# new install, no network [solved]

## while true

oi, i have just reinstalled gentoo,

and network is not working, but it worked while installing.

ifconfog gives just lo.

so i guessed I did not do kernel right,

so I went back to kernel, I enabled all that is Realtek 

(lspci | grep Ethernet gave back Realtek Semiconductor RTL8111/8168/8411 PCI express Gigabit Ethernet controller (rev 09))

but no go, ifconfig still offers just lo.

I did go back to installation usb and lsmod | grep realtek and i got snd_hda_codec_realtek, is this the one for network...?

It took me under 3 hours to install gentoo, but for the past 6 hours I am banging my head with this...

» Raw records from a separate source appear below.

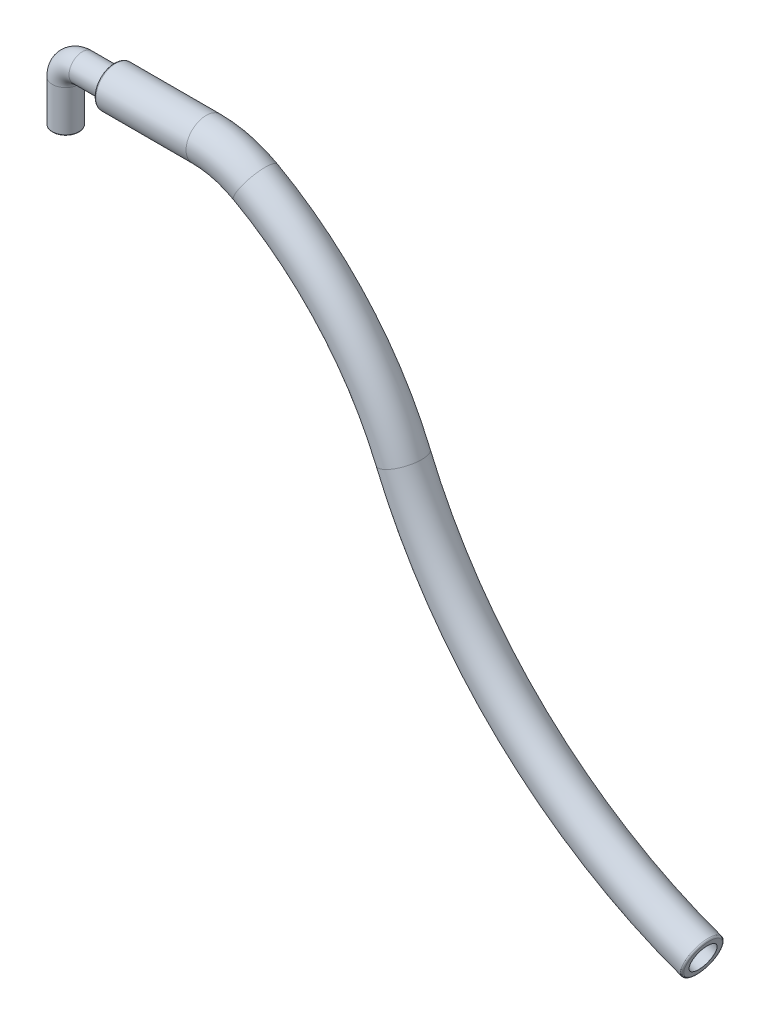
from build123d import *

# Parameters (mm, degrees)
CROQUIS2_R  = 8
VACIADO2_T  = -2
REDONDEO1_R = 0.5
CROQUIS7_R  = 12
VACIADO3_T  = -4
REDONDEO2_R = 1


with BuildPart() as part:
    # Barrer1: sweep along a path in Croquis1
    with BuildLine(Plane.XY) as barrer1_path:
        Line((0, -35), (0, -10))
        ThreePointArc((0, -10), (2.928932188, -2.928932188), (10, 0))
        Line((10, 0), (50, 0))
    # Croquis2 → Barrer1 (sweep)
    with BuildSketch(Plane.XZ.offset(35)):
        Circle(CROQUIS2_R)
    sweep(path=barrer1_path.line)

    # Vaciado2
    vaciado2_openings = [part.faces().sort_by_distance(p)[0] for p in [
        (50, 0, 0),
        (0, -35, 0),
    ]]
    offset(amount=VACIADO2_T, openings=vaciado2_openings, kind=Kind.INTERSECTION)

    # Redondeo1
    redondeo1_edges = [part.edges().sort_by_distance(p)[0] for p in [
        (-8, -35, 0),
        (50, 8, 0),
        (50, 6, 0),
        (-6, -35, 0),
    ]]
    fillet(redondeo1_edges, radius=REDONDEO1_R)


with BuildPart() as body_2:
    # Barrer2: sweep along a path in Croquis6
    with BuildLine(Plane.XY) as barrer2_path:
        Line((29.094637827, 0), (84.200597784, 0))
        ThreePointArc((84.200597784, 0), (99.495481145, -1.953506864), (113.80835393, -7.688602217))
        ThreePointArc((113.80835393, -7.688602217), (166.442146948, -49.767276178), (202.455875297, -106.722893462))
        ThreePointArc((202.455875297, -106.722893462), (274.416840741, -210.576986349), (382.25841167, -276.411997829))
    # Croquis7 → Barrer2 (sweep)
    with BuildSketch(Plane(origin=(29.094637827, 0, 0), x_dir=(0, 0, -1), z_dir=(1, 0, 0))):
        Circle(CROQUIS7_R)
    sweep(path=barrer2_path.line)

    # Vaciado3
    vaciado3_openings = [body_2.faces().sort_by_distance(p)[0] for p in [
        (382.25841167, -276.411997829, 0),
        (29.094637827, 0, 0),
    ]]
    offset(amount=VACIADO3_T, openings=vaciado3_openings, kind=Kind.INTERSECTION)

    # Redondeo2
    redondeo2_edges = [body_2.edges().sort_by_distance(p)[0] for p in [
        (29.094637827, 0, 12),
        (382.25841167, -276.411997829, 12),
    ]]
    fillet(redondeo2_edges, radius=REDONDEO2_R)


solid = Compound([part.part, body_2.part])

any help appretiated, thank you

----------

## lawl

 *while true wrote:*   

> 
> 
> I did go back to installation usb and lsmod | grep realtek and i got snd_hda_codec_realtek, is this the one for network...?
> 
> 

 

No it's your sound.

You can do lspci -v without grep and use -s option.

In my case this device uses r8169 driver, do you have it?

----------

## while true

hey lawl,

I went back to kernel, and under USB network i found some Realtek options, usb realtek ethernet, which did the trick...

oh, this was hard for me, noob as i am...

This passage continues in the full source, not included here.